The first chapter in the book is by Chris Huebner, entitled “The Work of Inheritance: Reflections on Receiving John Howard Yoder.” This essay is a very helpful and readable introduction to Yoder’s mode of theological reflection, and specifically his understanding of “inheritance,” that is of faithfulness to “tradition” or “history.” Huebner notes that “Throughout his meandering engagements and conversations, we constantly find Yoder striving to articulate a posture with respect to history that does not reflect a possessive will to somehow manage and control it” (p. 20). According to Huebner:

[Yoder's] work is everywhere laced with notions of memory and hope, of historical discernment and openness to the surprises of the new. But these themes are not to be understood in a manner that suggests a simple or straightforward activity of repetition, of narrowly factual accuracy, or of what we might describe as archival sensibilities. Neither do they present a vision of hope that consists in the desire to realize some given end, as if the future somehow rests squarely on our shoulders. They reflect neither a primitivist or preservationist reification of the past, not a progressive construal of hope as a future goal to be achieved. Rather, we find in Yoder a vision of inheritance that is interruptive and radically transforms those who are in a position to receive it. Indeed, echoing Barth, he emphasizes that it is not so much we who remember, but rather that we are made a part of God’s memory, and in being so remembered have our very we-ness redefined. At the very least, the question of receiving an inheritance is, for Yoder, fare from straightforward. Inheritance names a kind of work, a life’s work of ongoing transformation in which the very identity of the one said to be doing the receiving is somehow part of whats at stake. (p. 21)

This is crucial to understanding what it means to appropriate tradition and history in the task of theology. For Yoder “inheriting a tradition is thus crucially not uni-directional. It does not consist in a linear gaze backward to the past, nor does it give rise to a clear and unambiguous path looking forward. Rather it involves a constant ‘looping back’ to the origins in light of unpredictable, often surprising encounters with other dialogue partners” (p. 23).

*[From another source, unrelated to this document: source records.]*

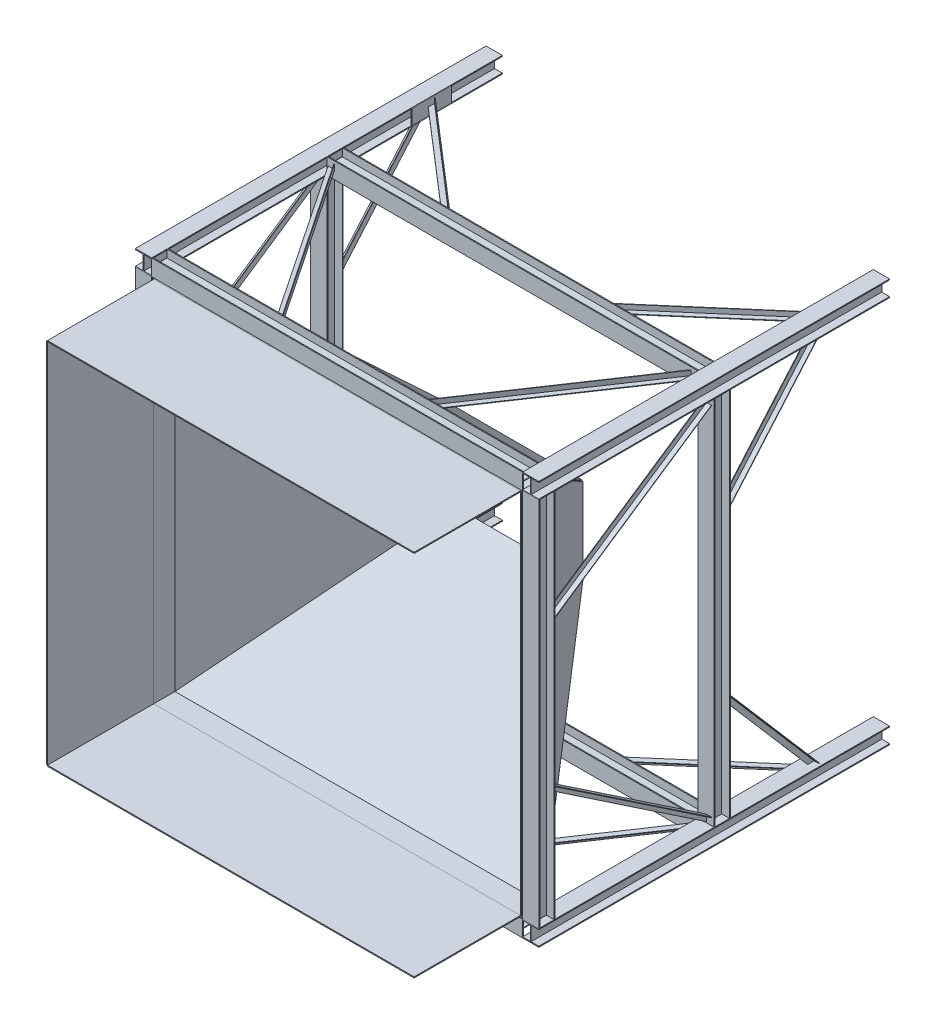
from build123d import *

# Parameters (mm, degrees)
COLUMNA_H_1_DEPTH                            = 3300
COLUMNA_H_2_DEPTH                            = 3300
COLUMNA_H_3_DEPTH                            = 3300
COLUMNA_H_4_DEPTH                            = 3300
VIGA_H_CARGA_1650_DEPTH                      = 3490
VIGA_H_CARGA_3300_DEPTH                      = 3490
CONTORNO_CIERRE_COLUMNA_CARGA_A_W            = 370
CONTORNO_CIERRE_COLUMNA_CARGA_A_H            = 135
CIERRE_COLUMNA_CARGA_A_DEPTH                 = 8
ALA_PLANA_ANGULAR_SUPERIOR_CARGA_A_DEPTH     = 5
RETORNO_ANGULAR_SUPERIOR_CARGA_A_DEPTH       = 45
ALA_PLANA_ANGULAR_INFERIOR_CARGA_A_DEPTH     = 5
RETORNO_ANGULAR_INFERIOR_CARGA_A_DEPTH       = 45
CONTORNO_CIERRE_COLUMNA_CARGA_B_W            = 370
CONTORNO_CIERRE_COLUMNA_CARGA_B_H            = 135
CIERRE_COLUMNA_CARGA_B_DEPTH                 = 8
ALA_PLANA_ANGULAR_SUPERIOR_CARGA_B_DEPTH     = 5
RETORNO_ANGULAR_SUPERIOR_CARGA_B_DEPTH       = 45
ALA_PLANA_ANGULAR_INFERIOR_CARGA_B_DEPTH     = 5
RETORNO_ANGULAR_INFERIOR_CARGA_B_DEPTH       = 45
CONTORNO_ASIENTO_SOLDADO_CARGA_W             = 2900
CONTORNO_ASIENTO_SOLDADO_CARGA_H             = 83.725
ASIENTO_SOLDADO_CARGA_DEPTH                  = 9.525
VIGA_H_FONDO_1650_DEPTH                      = 3490
VIGA_H_FONDO_3300_DEPTH                      = 3490
CONTORNO_CIERRE_COLUMNA_FONDO_A_W            = 370
CONTORNO_CIERRE_COLUMNA_FONDO_A_H            = 135
CIERRE_COLUMNA_FONDO_A_DEPTH                 = 8
ALA_PLANA_ANGULAR_SUPERIOR_FONDO_A_DEPTH     = 5
RETORNO_ANGULAR_SUPERIOR_FONDO_A_DEPTH       = 45
ALA_PLANA_ANGULAR_INFERIOR_FONDO_A_DEPTH     = 5
RETORNO_ANGULAR_INFERIOR_FONDO_A_DEPTH       = 45
CONTORNO_CIERRE_COLUMNA_FONDO_B_W            = 370
CONTORNO_CIERRE_COLUMNA_FONDO_B_H            = 135
CIERRE_COLUMNA_FONDO_B_DEPTH                 = 8
ALA_PLANA_ANGULAR_SUPERIOR_FONDO_B_DEPTH     = 5
RETORNO_ANGULAR_SUPERIOR_FONDO_B_DEPTH       = 45
ALA_PLANA_ANGULAR_INFERIOR_FONDO_B_DEPTH     = 5
RETORNO_ANGULAR_INFERIOR_FONDO_B_DEPTH       = 45
CONTORNO_ASIENTO_SOLDADO_FONDO_W             = 2900
CONTORNO_ASIENTO_SOLDADO_FONDO_H             = 83.725
ASIENTO_SOLDADO_FONDO_DEPTH                  = 9.525
VIGA_H_IZQUIERDA_1650_DEPTH                  = 3490
VIGA_H_IZQUIERDA_3300_DEPTH                  = 3490
ALA_PLANA_ANGULAR_SUPERIOR_IZQUIERDA_A_DEPTH = 5
RETORNO_ANGULAR_SUPERIOR_IZQUIERDA_A_DEPTH   = 45
ALA_PLANA_ANGULAR_INFERIOR_IZQUIERDA_A_DEPTH = 5
RETORNO_ANGULAR_INFERIOR_IZQUIERDA_A_DEPTH   = 45
ALA_PLANA_ANGULAR_SUPERIOR_IZQUIERDA_B_DEPTH = 5
RETORNO_ANGULAR_SUPERIOR_IZQUIERDA_B_DEPTH   = 45
ALA_PLANA_ANGULAR_INFERIOR_IZQUIERDA_B_DEPTH = 5
RETORNO_ANGULAR_INFERIOR_IZQUIERDA_B_DEPTH   = 45
CONTORNO_ASIENTO_SOLDADO_IZQUIERDA_W         = 83.725
CONTORNO_ASIENTO_SOLDADO_IZQUIERDA_H         = 2900
ASIENTO_SOLDADO_IZQUIERDA_DEPTH              = 9.525
VIGA_H_DERECHA_1650_DEPTH                    = 3490
VIGA_H_DERECHA_3300_DEPTH                    = 3490
ALA_PLANA_ANGULAR_SUPERIOR_DERECHA_A_DEPTH   = 5
RETORNO_ANGULAR_SUPERIOR_DERECHA_A_DEPTH     = 45
ALA_PLANA_ANGULAR_INFERIOR_DERECHA_A_DEPTH   = 5
RETORNO_ANGULAR_INFERIOR_DERECHA_A_DEPTH     = 45
ALA_PLANA_ANGULAR_SUPERIOR_DERECHA_B_DEPTH   = 5
RETORNO_ANGULAR_SUPERIOR_DERECHA_B_DEPTH     = 45
ALA_PLANA_ANGULAR_INFERIOR_DERECHA_B_DEPTH   = 5
RETORNO_ANGULAR_INFERIOR_DERECHA_B_DEPTH     = 45
CONTORNO_ASIENTO_SOLDADO_DERECHA_W           = 83.725
CONTORNO_ASIENTO_SOLDADO_DERECHA_H           = 2900
ASIENTO_SOLDADO_DERECHA_DEPTH                = 9.525
CONTORNO_COLLAR_LATERAL_Y_NEGATIVO_W         = 3450
CONTORNO_COLLAR_LATERAL_Y_NEGATIVO_H         = 200
COLLAR_LATERAL_Y_NEGATIVO_DEPTH              = 9.525
CONTORNO_ALER_N_LATERAL_Y_NEGATIVO_W         = 3450
CONTORNO_ALER_N_LATERAL_Y_NEGATIVO_H         = 1000
ALER_N_LATERAL_Y_NEGATIVO_DEPTH              = 9.525
EMBUDO_LATERAL_Y_NEGATIVO_DEPTH              = 9.525
CONTORNO_COLLAR_CARGA_W                      = 200
CONTORNO_COLLAR_CARGA_H                      = 3450
COLLAR_CARGA_DEPTH                           = 9.525
EMBUDO_CARGA_DEPTH                           = 9.525
CONTORNO_COLLAR_LATERAL_Y_POSITIVO_W         = 3450
CONTORNO_COLLAR_LATERAL_Y_POSITIVO_H         = 200
COLLAR_LATERAL_Y_POSITIVO_DEPTH              = 9.525
CONTORNO_ALER_N_LATERAL_Y_POSITIVO_W         = 3450
CONTORNO_ALER_N_LATERAL_Y_POSITIVO_H         = 1000
ALER_N_LATERAL_Y_POSITIVO_DEPTH              = 9.525
EMBUDO_LATERAL_Y_POSITIVO_DEPTH              = 9.525
CONTORNO_COLLAR_FONDO_X_NEGATIVO_W           = 200
CONTORNO_COLLAR_FONDO_X_NEGATIVO_H           = 3450
COLLAR_FONDO_X_NEGATIVO_DEPTH                = 9.525
CONTORNO_ALER_N_FONDO_X_NEGATIVO_W           = 1000
CONTORNO_ALER_N_FONDO_X_NEGATIVO_H           = 3450
ALER_N_FONDO_X_NEGATIVO_DEPTH                = 9.525
EMBUDO_FONDO_X_NEGATIVO_DEPTH                = 9.525


with BuildPart() as part:
    # Contorno Columna H 1 → Columna H 1 (new body)
    with BuildSketch(Plane.XY):
        Polygon((-1898, -1898), (-1745, -1898), (-1745, -1889), (-1818.25, -1889), (-1818.25, -1754), (-1745, -1754), (-1745, -1745), (-1898, -1745), (-1898, -1754), (-1824.75, -1754), (-1824.75, -1889), (-1898, -1889), align=None)
    extrude(amount=COLUMNA_H_1_DEPTH)


with BuildPart() as body_2:
    # Contorno Columna H 2 → Columna H 2 (new body)
    with BuildSketch(Plane.XY):
        Polygon((-1898, 1745), (-1745, 1745), (-1745, 1754), (-1818.25, 1754), (-1818.25, 1889), (-1745, 1889), (-1745, 1898), (-1898, 1898), (-1898, 1889), (-1824.75, 1889), (-1824.75, 1754), (-1898, 1754), align=None)
    extrude(amount=COLUMNA_H_2_DEPTH)


with BuildPart() as body_3:
    # Contorno Columna H 3 → Columna H 3 (new body)
    with BuildSketch(Plane.XY):
        Polygon((1745, -1898), (1898, -1898), (1898, -1889), (1824.75, -1889), (1824.75, -1754), (1898, -1754), (1898, -1745), (1745, -1745), (1745, -1754), (1818.25, -1754), (1818.25, -1889), (1745, -1889), align=None)
    extrude(amount=COLUMNA_H_3_DEPTH)


with BuildPart() as body_4:
    # Contorno Columna H 4 → Columna H 4 (new body)
    with BuildSketch(Plane.XY):
        Polygon((1745, 1745), (1898, 1745), (1898, 1754), (1824.75, 1754), (1824.75, 1889), (1898, 1889), (1898, 1898), (1745, 1898), (1745, 1889), (1818.25, 1889), (1818.25, 1754), (1745, 1754), align=None)
    extrude(amount=COLUMNA_H_4_DEPTH)


with BuildPart() as body_5:
    # Contorno Viga H carga 1650 → Viga H carga 1650 (new body)
    with BuildSketch(Plane(origin=(-1745, 0, 0), x_dir=(0, 0, -1), z_dir=(1, 0, 0))):
        Polygon((-1497, -1745), (-1497, -1898), (-1506, -1898), (-1506, -1824.75), (-1641, -1824.75), (-1641, -1898), (-1650, -1898), (-1650, -1745), (-1641, -1745), (-1641, -1818.25), (-1506, -1818.25), (-1506, -1745), align=None)
    extrude(amount=VIGA_H_CARGA_1650_DEPTH)


with BuildPart() as body_6:
    # Contorno Viga H carga 3300 → Viga H carga 3300 (new body)
    with BuildSketch(Plane(origin=(-1745, 0, 0), x_dir=(0, 0, -1), z_dir=(1, 0, 0))):
        Polygon((-3147, -1745), (-3147, -1898), (-3156, -1898), (-3156, -1824.75), (-3291, -1824.75), (-3291, -1898), (-3300, -1898), (-3300, -1745), (-3291, -1745), (-3291, -1818.25), (-3156, -1818.25), (-3156, -1745), align=None)
    extrude(amount=VIGA_H_CARGA_3300_DEPTH)


with BuildPart() as body_7:
    # Contorno Cierre columna carga A → Cierre columna carga A (new body)
    with BuildSketch(Plane(origin=(-1745, 0, 0), x_dir=(0, 0, -1), z_dir=(1, 0, 0))):
        with Locations((-665, -1821.5)):
            Rectangle(CONTORNO_CIERRE_COLUMNA_CARGA_A_W, CONTORNO_CIERRE_COLUMNA_CARGA_A_H)
    extrude(amount=-CIERRE_COLUMNA_CARGA_A_DEPTH)


with BuildPart() as body_8:
    # Contorno Ala plana Angular superior carg → Ala plana Angular superior carga A (new body)
    with BuildSketch(Plane(origin=(0, -1821.5, 0), x_dir=(1, 0, 0), z_dir=(0, 1, 0))):
        Polygon((-1674.870108064, -1650), (-1735.129891936, -1650), (-728.129891936, -3147), (-667.870108064, -3147), align=None)
    extrude(amount=-ALA_PLANA_ANGULAR_SUPERIOR_CARGA_A_DEPTH)


with BuildPart() as body_9:
    # Contorno Retorno Angular superior carga → Retorno Angular superior carga A (new body)
    with BuildSketch(Plane(origin=(0, -1826.5, 0), x_dir=(1, 0, 0), z_dir=(0, 1, 0))):
        Polygon((-1674.870108064, -1650), (-1680.896086451, -1650), (-673.896086451, -3147), (-667.870108064, -3147), align=None)
    extrude(amount=-RETORNO_ANGULAR_SUPERIOR_CARGA_A_DEPTH)


with BuildPart() as body_8_1:
    add(body_8.part)

    # Angular superior carga A: union body 9
    add(body_9.part)


with BuildPart() as body_9_2:
    # Contorno Ala plana Angular inferior carg → Ala plana Angular inferior carga A (new body)
    with BuildSketch(Plane(origin=(0, -1821.5, 0), x_dir=(1, 0, 0), z_dir=(0, 1, 0))):
        Polygon((-1745, -631.991026401), (-1745, -698.008973599), (-818.285648465, -1497), (-741.714351535, -1497), align=None)
    extrude(amount=-ALA_PLANA_ANGULAR_INFERIOR_CARGA_A_DEPTH)


with BuildPart() as body_10:
    # Contorno Retorno Angular inferior carga → Retorno Angular inferior carga A (new body)
    with BuildSketch(Plane(origin=(0, -1826.5, 0), x_dir=(1, 0, 0), z_dir=(0, 1, 0))):
        Polygon((-1745, -631.991026401), (-1745, -638.592821121), (-749.371481228, -1497), (-741.714351535, -1497), align=None)
    extrude(amount=-RETORNO_ANGULAR_INFERIOR_CARGA_A_DEPTH)


with BuildPart() as body_9_2_1:
    add(body_9_2.part)

    # Angular inferior carga A: union body 10
    add(body_10.part)


with BuildPart() as body_10_2:
    # Contorno Cierre columna carga B → Cierre columna carga B (new body)
    with BuildSketch(Plane(origin=(1745, 0, 0), x_dir=(0, 0, -1), z_dir=(1, 0, 0))):
        with Locations((-665, -1821.5)):
            Rectangle(CONTORNO_CIERRE_COLUMNA_CARGA_B_W, CONTORNO_CIERRE_COLUMNA_CARGA_B_H)
    extrude(amount=CIERRE_COLUMNA_CARGA_B_DEPTH)


with BuildPart() as body_11:
    # Contorno Ala plana Angular superior  2 → Ala plana Angular superior carga B (new body)
    with BuildSketch(Plane(origin=(0, -1821.5, 0), x_dir=(1, 0, 0), z_dir=(0, 1, 0))):
        Polygon((1674.870108064, -1650), (1735.129891936, -1650), (728.129891936, -3147), (667.870108064, -3147), align=None)
    extrude(amount=-ALA_PLANA_ANGULAR_SUPERIOR_CARGA_B_DEPTH)


with BuildPart() as body_12:
    # Contorno Retorno Angular superior ca 2 → Retorno Angular superior carga B (new body)
    with BuildSketch(Plane(origin=(0, -1826.5, 0), x_dir=(1, 0, 0), z_dir=(0, 1, 0))):
        Polygon((1674.870108064, -1650), (1680.896086451, -1650), (673.896086451, -3147), (667.870108064, -3147), align=None)
    extrude(amount=-RETORNO_ANGULAR_SUPERIOR_CARGA_B_DEPTH)


with BuildPart() as body_11_1:
    add(body_11.part)

    # Angular superior carga B: union body 12
    add(body_12.part)


with BuildPart() as body_12_2:
    # Contorno Ala plana Angular inferior  2 → Ala plana Angular inferior carga B (new body)
    with BuildSketch(Plane(origin=(0, -1821.5, 0), x_dir=(1, 0, 0), z_dir=(0, 1, 0))):
        Polygon((1745, -631.991026401), (1745, -698.008973599), (818.285648465, -1497), (741.714351535, -1497), align=None)
    extrude(amount=-ALA_PLANA_ANGULAR_INFERIOR_CARGA_B_DEPTH)


with BuildPart() as body_13:
    # Contorno Retorno Angular inferior ca 2 → Retorno Angular inferior carga B (new body)
    with BuildSketch(Plane(origin=(0, -1826.5, 0), x_dir=(1, 0, 0), z_dir=(0, 1, 0))):
        Polygon((1745, -631.991026401), (1745, -638.592821121), (749.371481228, -1497), (741.714351535, -1497), align=None)
    extrude(amount=-RETORNO_ANGULAR_INFERIOR_CARGA_B_DEPTH)


with BuildPart() as body_12_2_1:
    add(body_12_2.part)

    # Angular inferior carga B: union body 13
    add(body_13.part)


with BuildPart() as body_13_2:
    # Contorno Asiento soldado carga → Asiento soldado carga (new body)
    with BuildSketch(Plane.XY.offset(3281.475)):
        with Locations((0, -1776.3875)):
            Rectangle(CONTORNO_ASIENTO_SOLDADO_CARGA_W, CONTORNO_ASIENTO_SOLDADO_CARGA_H)
    extrude(amount=ASIENTO_SOLDADO_CARGA_DEPTH)


with BuildPart() as body_14:
    # Contorno Viga H fondo 1650 → Viga H fondo 1650 (new body)
    with BuildSketch(Plane(origin=(-1745, 0, 0), x_dir=(0, 0, -1), z_dir=(1, 0, 0))):
        Polygon((-1497, 1745), (-1497, 1898), (-1506, 1898), (-1506, 1824.75), (-1641, 1824.75), (-1641, 1898), (-1650, 1898), (-1650, 1745), (-1641, 1745), (-1641, 1818.25), (-1506, 1818.25), (-1506, 1745), align=None)
    extrude(amount=VIGA_H_FONDO_1650_DEPTH)


with BuildPart() as body_15:
    # Contorno Viga H fondo 3300 → Viga H fondo 3300 (new body)
    with BuildSketch(Plane(origin=(-1745, 0, 0), x_dir=(0, 0, -1), z_dir=(1, 0, 0))):
        Polygon((-3147, 1745), (-3147, 1898), (-3156, 1898), (-3156, 1824.75), (-3291, 1824.75), (-3291, 1898), (-3300, 1898), (-3300, 1745), (-3291, 1745), (-3291, 1818.25), (-3156, 1818.25), (-3156, 1745), align=None)
    extrude(amount=VIGA_H_FONDO_3300_DEPTH)


with BuildPart() as body_16:
    # Contorno Cierre columna fondo A → Cierre columna fondo A (new body)
    with BuildSketch(Plane(origin=(-1745, 0, 0), x_dir=(0, 0, -1), z_dir=(1, 0, 0))):
        with Locations((-665, 1821.5)):
            Rectangle(CONTORNO_CIERRE_COLUMNA_FONDO_A_W, CONTORNO_CIERRE_COLUMNA_FONDO_A_H)
    extrude(amount=-CIERRE_COLUMNA_FONDO_A_DEPTH)


with BuildPart() as body_17:
    # Contorno Ala plana Angular superior fond → Ala plana Angular superior fondo A (new body)
    with BuildSketch(Plane(origin=(0, 1821.5, 0), x_dir=(1, 0, 0), z_dir=(0, 1, 0))):
        Polygon((-1674.870108064, -1650), (-1735.129891936, -1650), (-728.129891936, -3147), (-667.870108064, -3147), align=None)
    extrude(amount=ALA_PLANA_ANGULAR_SUPERIOR_FONDO_A_DEPTH)


with BuildPart() as body_18:
    # Contorno Retorno Angular superior fondo → Retorno Angular superior fondo A (new body)
    with BuildSketch(Plane(origin=(0, 1826.5, 0), x_dir=(1, 0, 0), z_dir=(0, 1, 0))):
        Polygon((-1674.870108064, -1650), (-1680.896086451, -1650), (-673.896086451, -3147), (-667.870108064, -3147), align=None)
    extrude(amount=RETORNO_ANGULAR_SUPERIOR_FONDO_A_DEPTH)


with BuildPart() as body_17_1:
    add(body_17.part)

    # Angular superior fondo A: union body 18
    add(body_18.part)


with BuildPart() as body_18_2:
    # Contorno Ala plana Angular inferior fond → Ala plana Angular inferior fondo A (new body)
    with BuildSketch(Plane(origin=(0, 1821.5, 0), x_dir=(1, 0, 0), z_dir=(0, 1, 0))):
        Polygon((-1745, -631.991026401), (-1745, -698.008973599), (-818.285648465, -1497), (-741.714351535, -1497), align=None)
    extrude(amount=ALA_PLANA_ANGULAR_INFERIOR_FONDO_A_DEPTH)


with BuildPart() as body_19:
    # Contorno Retorno Angular inferior fondo → Retorno Angular inferior fondo A (new body)
    with BuildSketch(Plane(origin=(0, 1826.5, 0), x_dir=(1, 0, 0), z_dir=(0, 1, 0))):
        Polygon((-1745, -631.991026401), (-1745, -638.592821121), (-749.371481228, -1497), (-741.714351535, -1497), align=None)
    extrude(amount=RETORNO_ANGULAR_INFERIOR_FONDO_A_DEPTH)


with BuildPart() as body_18_2_1:
    add(body_18_2.part)

    # Angular inferior fondo A: union body 19
    add(body_19.part)


with BuildPart() as body_19_2:
    # Contorno Cierre columna fondo B → Cierre columna fondo B (new body)
    with BuildSketch(Plane(origin=(1745, 0, 0), x_dir=(0, 0, -1), z_dir=(1, 0, 0))):
        with Locations((-665, 1821.5)):
            Rectangle(CONTORNO_CIERRE_COLUMNA_FONDO_B_W, CONTORNO_CIERRE_COLUMNA_FONDO_B_H)
    extrude(amount=CIERRE_COLUMNA_FONDO_B_DEPTH)


with BuildPart() as body_20:
    # Contorno Ala plana Angular superior  3 → Ala plana Angular superior fondo B (new body)
    with BuildSketch(Plane(origin=(0, 1821.5, 0), x_dir=(1, 0, 0), z_dir=(0, 1, 0))):
        Polygon((1674.870108064, -1650), (1735.129891936, -1650), (728.129891936, -3147), (667.870108064, -3147), align=None)
    extrude(amount=ALA_PLANA_ANGULAR_SUPERIOR_FONDO_B_DEPTH)


with BuildPart() as body_21:
    # Contorno Retorno Angular superior fo 2 → Retorno Angular superior fondo B (new body)
    with BuildSketch(Plane(origin=(0, 1826.5, 0), x_dir=(1, 0, 0), z_dir=(0, 1, 0))):
        Polygon((1674.870108064, -1650), (1680.896086451, -1650), (673.896086451, -3147), (667.870108064, -3147), align=None)
    extrude(amount=RETORNO_ANGULAR_SUPERIOR_FONDO_B_DEPTH)


with BuildPart() as body_20_1:
    add(body_20.part)

    # Angular superior fondo B: union body 21
    add(body_21.part)


with BuildPart() as body_21_2:
    # Contorno Ala plana Angular inferior  3 → Ala plana Angular inferior fondo B (new body)
    with BuildSketch(Plane(origin=(0, 1821.5, 0), x_dir=(1, 0, 0), z_dir=(0, 1, 0))):
        Polygon((1745, -631.991026401), (1745, -698.008973599), (818.285648465, -1497), (741.714351535, -1497), align=None)
    extrude(amount=ALA_PLANA_ANGULAR_INFERIOR_FONDO_B_DEPTH)


with BuildPart() as body_22:
    # Contorno Retorno Angular inferior fo 2 → Retorno Angular inferior fondo B (new body)
    with BuildSketch(Plane(origin=(0, 1826.5, 0), x_dir=(1, 0, 0), z_dir=(0, 1, 0))):
        Polygon((1745, -631.991026401), (1745, -638.592821121), (749.371481228, -1497), (741.714351535, -1497), align=None)
    extrude(amount=RETORNO_ANGULAR_INFERIOR_FONDO_B_DEPTH)


with BuildPart() as body_21_2_1:
    add(body_21_2.part)

    # Angular inferior fondo B: union body 22
    add(body_22.part)


with BuildPart() as body_22_2:
    # Contorno Asiento soldado fondo → Asiento soldado fondo (new body)
    with BuildSketch(Plane.XY.offset(3281.475)):
        with Locations((0, 1776.3875)):
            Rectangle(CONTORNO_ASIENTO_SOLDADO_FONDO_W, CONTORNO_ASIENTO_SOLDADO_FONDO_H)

In conversation with Wittgenstein, Romand Coles, and Rowan Williams, Huebner hints at what this notion of “the work of inheritance” means both for theological approaches to tradition and history, and more specifically, for our own approach to the work of Yoder. What this involves then is not an attempt to systematize Yoder or get him “right.” Rather we ought to engage in the ongoing and open work of “looping back” to Yoder and inheriting his ad hoc and diasporic mode of theology in conversation with others. And as Huenber notes, this is a more fruitful and faithful way of engaging Yoder’s work, indeed the conversations into which we can bring Yoder often tend to be “more fruitful that some of Yoder’s own encounters with those same figures” (p. 25). This, importantly gives us a way to be both “for and against” Yoder as with think with him in vulnerable receptivity to other, often unexpected dialogue partners.